# Distributing root CA and client certificates



## bbzz (Jun 7, 2013)

Hi all,

I have a task of implementing 802.1x authentication in our network for about 150-200 clients. I've managed EAP-TLS authentication with certificates before but only for 5-10 wireless clients, so the client certificates were distributed "by hand", so to speak.

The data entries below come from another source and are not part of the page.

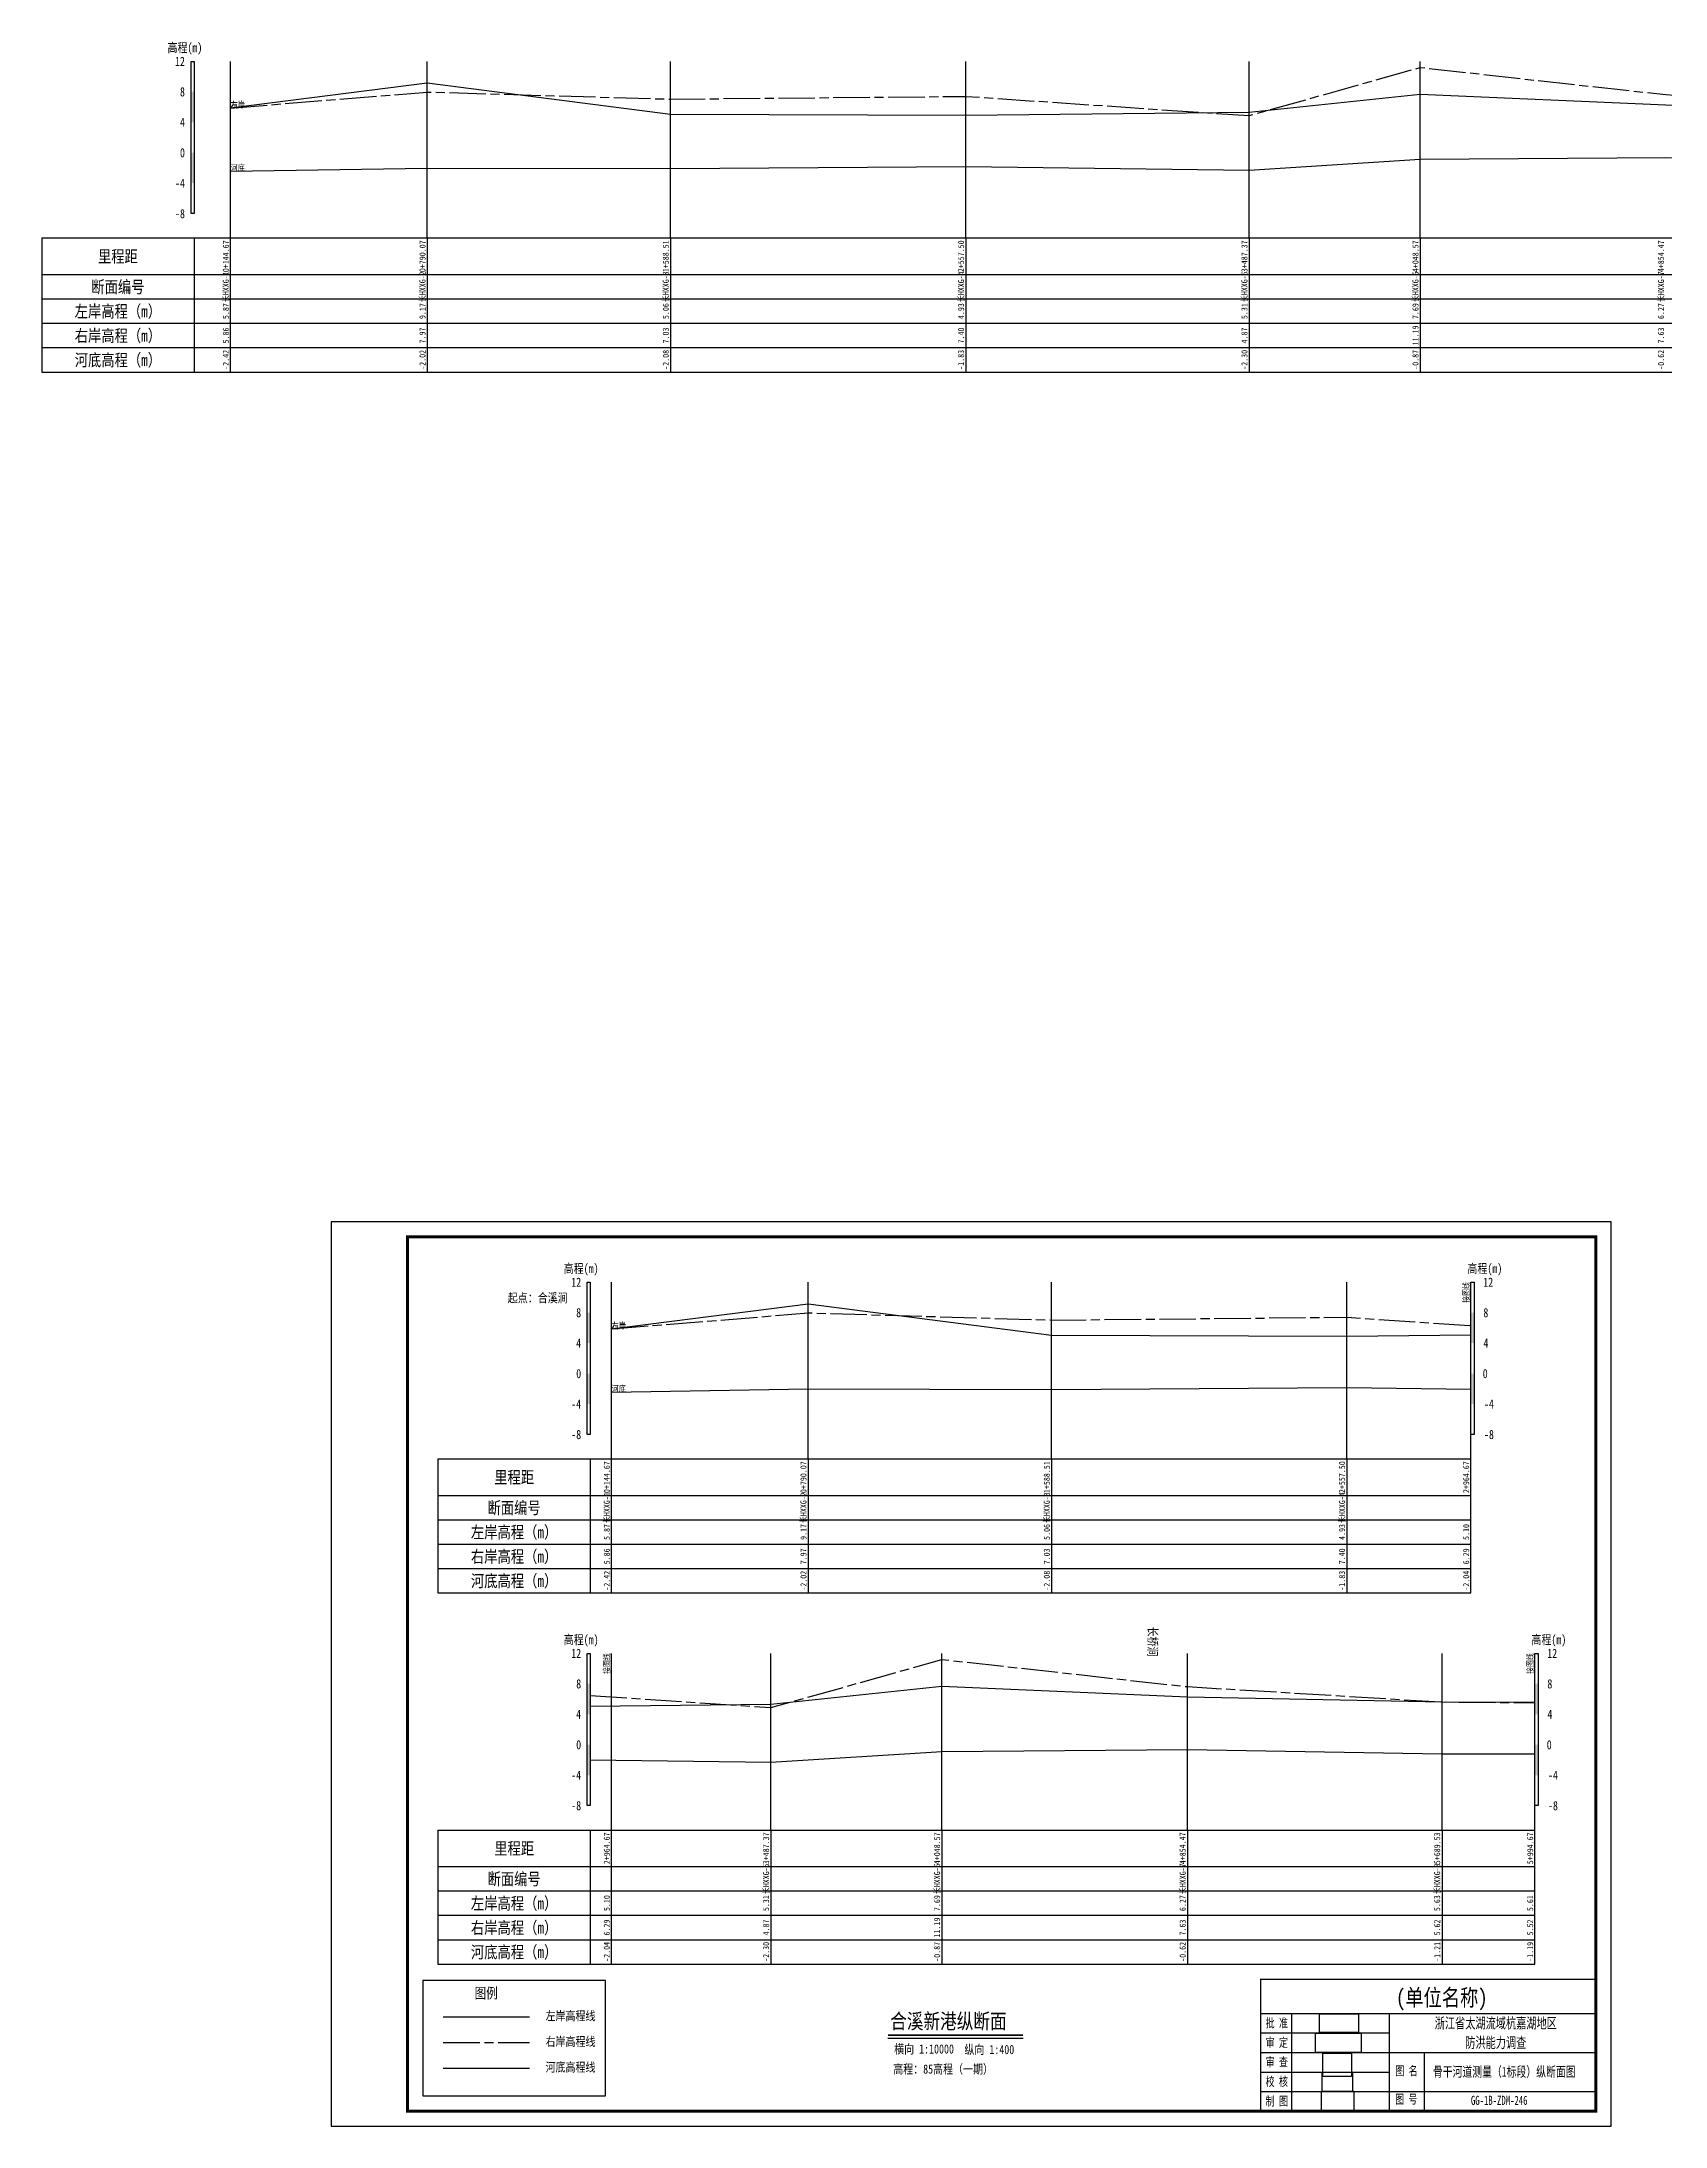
# Model space of a CAD drawing. Extents: x 529382 to 535123, y 3419405 to 3423811.
# Drawn here: x 533584 to 534117, y 3419405 to 3420090 of the extents above; entities that cross this region are included whole.
import ezdxf
from ezdxf.enums import TextEntityAlignment as Align

# ---------------------------------------------------------------- set-up
doc = ezdxf.new("R2010")
doc.units = 0
doc.header["$LTSCALE"] = 0.5
doc.linetypes.add('ACAD_ISO08W100', pattern=[36, 24, -3, 6, -3])
doc.layers.get('0').update_dxf_attribs({"linetype": 'CONTINUOUS'})
for name, color, linetype, lineweight in [('00右岸断面线', 5, 'ACAD_ISO08W100', 30), ('00左岸断面线', 6, 'CONTINUOUS', 30), ('00河底高程', 2, 'CONTINUOUS', 30), ('xxxx', 6, 'CONTINUOUS', 30)]:
    doc.layers.add(name, color=color, linetype=linetype, lineweight=lineweight)
for name, color, linetype in [('tab', 9, 'CONTINUOUS'), ('TEXT', 7, 'CONTINUOUS'), ('zdm1', 2, 'CONTINUOUS'), ('zh', 9, 'CONTINUOUS'), ('图框', 7, 'CONTINUOUS'), ('标注', 7, 'CONTINUOUS'), ('纵断面曲线名称', 7, 'CONTINUOUS'), ('高程标尺', 3, 'CONTINUOUS')]:
    doc.layers.add(name, color=color, linetype=linetype)
doc.styles.add('HZ', font='fangsong_GB2312.ttf', dxfattribs={"width": 0.8})
doc.styles.add('tk2', font='fangsong_GB2312.ttf', dxfattribs={"width": 0.8})
doc.styles.add('交叉标注', font='fangsong_GB2312.ttf', dxfattribs={"width": 0.8})
picture_1 = doc.add_image_def('image1.tif', size_in_pixel=(413, 175))
picture_2 = doc.add_image_def('image2.tif', size_in_pixel=(364, 223))
picture_3 = doc.add_image_def('image3.tif', size_in_pixel=(379, 181))
picture_4 = doc.add_image_def('image4.tif', size_in_pixel=(244, 153))
picture_5 = doc.add_image_def('image5.tif', size_in_pixel=(332, 273))

# ---------------------------------------------------------------- blocks, each defined once
blk = doc.blocks.new('A$C0B9647FD')
at = {"lineweight": 100, "const_width": 0.5}
blk.add_lwpolyline([(0, 43.28), (-110, 43.28), (-110, 0), (0, 0), (0, 43.28)], dxfattribs=at)
at = {"layer": 'TEXT', "color": 0}
for p, q in [((-110, 32.08, 0), (0, 32.08, 0)), ((-99.92, 32.08, 0), (-99.92, 6.42, 0)), ((-67.83, 32.08, 0), (-67.83, 6.42, 0)), ((-110, 25.67, 0), (-67.83, 25.67, 0)), ((-110, 19.25, 0), (-67.83, 19.25, 0)), ((-67.83, 19.25, 0), (0, 19.25, 0)), ((-56.35, 19.25, 0), (-56.35, 0, 0)), ((-110, 12.83, 0), (-67.83, 12.83, 0)), ((-110, 6.42, 0), (0, 6.42, 0)), ((-99.92, 6.42, 0), (-99.92, 0, 0)), ((-67.83, 6.42, 0), (-67.83, 0, 0))]:
    blk.add_line(p, q, dxfattribs=at)
at = {"layer": 'TEXT', "color": 7, "ltscale": 8, "style": 'tk2'}
for tag, p, height, width in [('浙江省水利水电技术咨询中心', (-89.53, 34.51, 0), 5.5, 0.8), ('批准', (-108.38, 27.45, 0), 3, 0.7), ('审定', (-108.38, 21.04, 0), 3, 0.7), ('审 查', (-108.38, 14.62, 0), 3, 0.7), ('图名', (-65.84, 11.75, 0), 3, 0.7), ('校 核', (-108.38, 8.2, 0), 3, 0.7), ('制 图', (-108.38, 1.79, 0), 3, 0.7), ('图号', (-65.89, 2.42, 0), 3, 0.7)]:
    blk.add_attdef(tag, p, '', height=height, dxfattribs=dict(at, width=width))
at = {"layer": 'TEXT', "color": 0, "style": 'tk2', "width": 0.7}
for tag, height, p in [('浙江省太湖流域杭嘉湖地区', 3.5, (-32.86, 28.9, -206.67)), ('防洪能力调查', 3.5, (-32.86, 22.5, -206.67)), ('骨干河道测量（*标段）水系图', 3.3, (-30.1, 12.93, -206.67)), ('HJH-01', 3, (-31.74, 3.53, -206.67))]:
    blk.add_attdef(tag, text='', height=height, dxfattribs=at).set_placement(p, align=Align.MIDDLE_CENTER)
blk = doc.blocks.new('A$C72737839')
at = {"linetype": 'Continuous'}
blk.add_lwpolyline([(59.94, 0), (59.94, 37.85), (0, 37.85)], dxfattribs=at)
at = {"linetype": 'Continuous', "flags": 128}
for points in [[(0, 37.85), (0, 0)], [(0, 0), (59.94, 0)]]:
    blk.add_lwpolyline(points, dxfattribs=at)
at = {"layer": '00右岸断面线', "color": 5, "lineweight": 30}
blk.add_line((6.73, 17.55), (35.02, 17.55), dxfattribs=at)
at = {"layer": '00河底高程', "color": 2, "lineweight": 30}
blk.add_line((6.73, 9.13), (35.02, 9.13), dxfattribs=at)
at = {"layer": 'xxxx', "color": 6, "lineweight": 30}
blk.add_line((6.73, 25.97), (35.02, 25.97), dxfattribs=at)
at = {"layer": 'tab', "color": 0, "style": 'HZ', "width": 0.8}
blk.add_text('图例', height=3.5, dxfattribs=at).set_placement((20.83, 33.8), align=Align.MIDDLE)
at = {"layer": 'zdm1', "linetype": 'Continuous', "style": 'HZ', "width": 0.8}
for s, p in [('左岸高程线', (48.5, 26.33)), ('右岸高程线', (48.5, 17.91)), ('河底高程线', (48.5, 9.49))]:
    blk.add_text(s, height=3, dxfattribs=at).set_placement(p, align=Align.MIDDLE)

msp = doc.modelspace()

# ---------------------------------------------------------------- linework, layer by layer
at = {"layer": '00右岸断面线', "flags": 128}
for points in [[(533646.46, 3420067.86), (533711, 3420073.14), (533790.84, 3420070.79), (533887.74, 3420071.71), (533980.73, 3420065.39), (534036.85, 3420081.19), (534117.44, 3420072.29), (534200.94, 3420067.26), (534302.59, 3420066.41), (534412.94, 3420063.86), (534525.72, 3420064.66), (534608.31, 3420064.29), (534767.65, 3420060.39), (534807.14, 3420062.26), (534842.06, 3420065.44), (534949.89, 3420063.84), (535049.87, 3420062.16), (535123.28, 3420065.36)], [(533771.48, 3419667.01), (533836.02, 3419672.29), (533915.87, 3419669.94), (534012.76, 3419670.86), (534053.48, 3419668.09)], [(533764.48, 3419546.71), (533823.75, 3419542.68), (533879.87, 3419558.48), (533960.46, 3419549.58), (534043.97, 3419544.55), (534074.48, 3419544.3)]]:
    msp.add_lwpolyline(points, dxfattribs=at)
at = {"layer": '00左岸断面线', "flags": 128}
for points in [[(533646.46, 3420067.89), (533711, 3420076.14), (533790.84, 3420065.86), (533887.74, 3420065.54), (533980.73, 3420066.49), (534036.85, 3420072.44), (534117.44, 3420068.89), (534200.94, 3420067.29), (534302.59, 3420067.11), (534412.94, 3420066.66), (534525.72, 3420064.54), (534608.31, 3420063.46), (534767.65, 3420063.09), (534807.14, 3420062.36), (534842.06, 3420062.99), (534949.89, 3420076.84), (535049.87, 3420061.56), (535123.28, 3420065.71)], [(533771.48, 3419667.04), (533836.02, 3419675.29), (533915.87, 3419665.01), (534012.76, 3419664.69), (534053.48, 3419665.1)], [(533764.48, 3419543.17), (533823.75, 3419543.78), (533879.87, 3419549.73), (533960.46, 3419546.18), (534043.97, 3419544.58), (534074.48, 3419544.53)]]:
    msp.add_lwpolyline(points, dxfattribs=at)
at = {"layer": '00河底高程', "flags": 128}
for points in [[(533646.46, 3420047.16), (533711, 3420048.16), (533790.84, 3420048.01), (533887.74, 3420048.64), (533980.73, 3420047.46), (534036.85, 3420051.04), (534117.44, 3420051.66), (534200.94, 3420050.19), (534302.59, 3420050.39), (534412.94, 3420051.46), (534525.72, 3420047.51), (534608.31, 3420047.44), (534767.65, 3420049.01), (534807.14, 3420050.84), (534842.06, 3420047.64), (534949.89, 3420048.74), (535049.87, 3420048.84), (535123.28, 3420050.06)], [(533771.48, 3419646.31), (533836.02, 3419647.31), (533915.87, 3419647.16), (534012.76, 3419647.79), (534053.48, 3419647.27)], [(533764.48, 3419525.5), (533823.75, 3419524.75), (533879.87, 3419528.33), (533960.46, 3419528.95), (534043.97, 3419527.48), (534074.48, 3419527.54)]]:
    msp.add_lwpolyline(points, dxfattribs=at)
at = {"layer": 'tab'}
for p, q in [((533584.46, 3420025.21), (535123.28, 3420025.21)), ((533584.46, 3420025.21), (533584.46, 3419981.21)), ((533634.46, 3420025.21), (533634.46, 3419981.21)), ((533646.46, 3419981.21), (533646.46, 3420025.21)), ((533711, 3420025.21), (533711, 3419981.21)), ((533790.84, 3420025.21), (533790.84, 3419981.21)), ((533887.74, 3420025.21), (533887.74, 3419981.21)), ((533980.73, 3420025.21), (533980.73, 3419981.21)), ((534036.85, 3420025.21), (534036.85, 3419981.21)), ((533584.46, 3420013.21), (535123.28, 3420013.21)), ((533584.46, 3420005.21), (535123.28, 3420005.21)), ((533584.46, 3419997.21), (535123.28, 3419997.21)), ((533584.46, 3419989.21), (535123.28, 3419989.21)), ((533584.46, 3419981.21), (535123.28, 3419981.21)), ((533714.48, 3419624.36), (534053.48, 3419624.36)), ((533714.48, 3419624.36), (533714.48, 3419580.36)), ((533764.48, 3419624.36), (533764.48, 3419580.36)), ((533771.48, 3419580.36), (533771.48, 3419624.36)), ((533836.02, 3419624.36), (533836.02, 3419580.36)), ((533915.87, 3419624.36), (533915.87, 3419580.36)), ((534012.76, 3419624.36), (534012.76, 3419580.36)), ((534053.48, 3419580.36), (534053.48, 3419624.36)), ((533714.48, 3419612.36), (534053.48, 3419612.36)), ((533714.48, 3419604.36), (534053.48, 3419604.36)), ((533714.48, 3419596.36), (534053.48, 3419596.36)), ((533714.48, 3419588.36), (534053.48, 3419588.36)), ((533714.48, 3419580.36), (534053.48, 3419580.36)), ((533714.48, 3419502.5), (534074.48, 3419502.5)), ((533714.48, 3419502.5), (533714.48, 3419458.5)), ((533764.48, 3419502.5), (533764.48, 3419458.5)), ((533771.48, 3419458.5), (533771.48, 3419502.5)), ((533823.75, 3419502.5), (533823.75, 3419458.5)), ((533879.87, 3419502.5), (533879.87, 3419458.5)), ((533960.46, 3419502.5), (533960.46, 3419458.5)), ((534043.97, 3419502.5), (534043.97, 3419458.5)), ((534074.48, 3419458.5), (534074.48, 3419502.5)), ((533714.48, 3419490.5), (534074.48, 3419490.5)), ((533714.48, 3419482.5), (534074.48, 3419482.5)), ((533714.48, 3419474.5), (534074.48, 3419474.5)), ((533714.48, 3419466.5), (534074.48, 3419466.5)), ((533714.48, 3419458.5), (534074.48, 3419458.5))]:
    msp.add_line(p, q, dxfattribs=at)
at = {"layer": 'zh', "color": 6}
for p, q in [((533646.46, 3420025.21), (533646.46, 3420083.21)), ((533711, 3420025.21), (533711, 3420083.21)), ((533790.84, 3420025.21), (533790.84, 3420083.21)), ((533887.74, 3420025.21), (533887.74, 3420083.21)), ((533980.73, 3420025.21), (533980.73, 3420083.21)), ((534036.85, 3420025.21), (534036.85, 3420083.21)), ((533771.48, 3419624.36), (533771.48, 3419682.36)), ((533836.02, 3419624.36), (533836.02, 3419682.36)), ((533915.87, 3419624.36), (533915.87, 3419682.36)), ((534012.76, 3419624.36), (534012.76, 3419682.36)), ((533823.75, 3419502.5), (533823.75, 3419560.5)), ((533879.87, 3419502.5), (533879.87, 3419560.5)), ((533960.46, 3419502.5), (533960.46, 3419560.5)), ((534043.97, 3419502.5), (534043.97, 3419560.5))]:
    msp.add_line(p, q, dxfattribs=at)
at = {"layer": 'zh'}
for p, q in [((534053.48, 3419624.36), (534053.48, 3419682.36)), ((533771.48, 3419502.5), (533771.48, 3419560.5)), ((534074.48, 3419502.5), (534074.48, 3419560.5))]:
    msp.add_line(p, q, dxfattribs=at)
at = {"layer": '图框', "flags": 128}
msp.add_lwpolyline([(533679.48, 3419405.22), (534099.48, 3419405.22), (534099.48, 3419702.22), (533679.48, 3419702.22)], close=True, dxfattribs=at)
at = {"layer": '图框', "const_width": 1, "flags": 128}
msp.add_lwpolyline([(533704.48, 3419410.22), (534094.48, 3419410.22), (534094.48, 3419697.22), (533704.48, 3419697.22)], close=True, dxfattribs=at)
at = {"layer": '图框', "color": 0, "const_width": 0.5, "flags": 128}
msp.add_lwpolyline([(533862.16, 3419435.12), (533906.5, 3419435.12)], dxfattribs=at)
at = {"layer": '图框', "color": 0, "flags": 128}
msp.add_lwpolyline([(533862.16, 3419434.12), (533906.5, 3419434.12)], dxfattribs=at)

Right now I have all set up with freeradius, but I need to ask for advice how to distribute so many certificates while keeping my life sane. This is normally not in my job description so I haven't looked into this before. Keep in mind this is mostly Unix oriented network so no Windows servers allowed.

Thanks


----------



## bbzz (Jun 8, 2013)

I'd really like to hear some ideas here, I'm sure there are people here who dealt with this before. 
PEAP-MSCHAPv2 is also an option, with only root CA distribution. But then I still need to manage passwords for all users.


----------



## bbzz (Jun 11, 2013)

Nobody ever dealt with this kind of issue?

Regards


----------



## bbzz (Jun 16, 2013)

Hello, is there anybody in there? Just nod if you can hear me, is there anyone home?


----------



## throAU (Jun 17, 2013)

I think you're in a very small group of users trying to push certs with a Unix box. I push certs on the enterprise via AD auto-deployment, and I suspect most enterprises do the same. Are your clients all Unix clients as well?


----------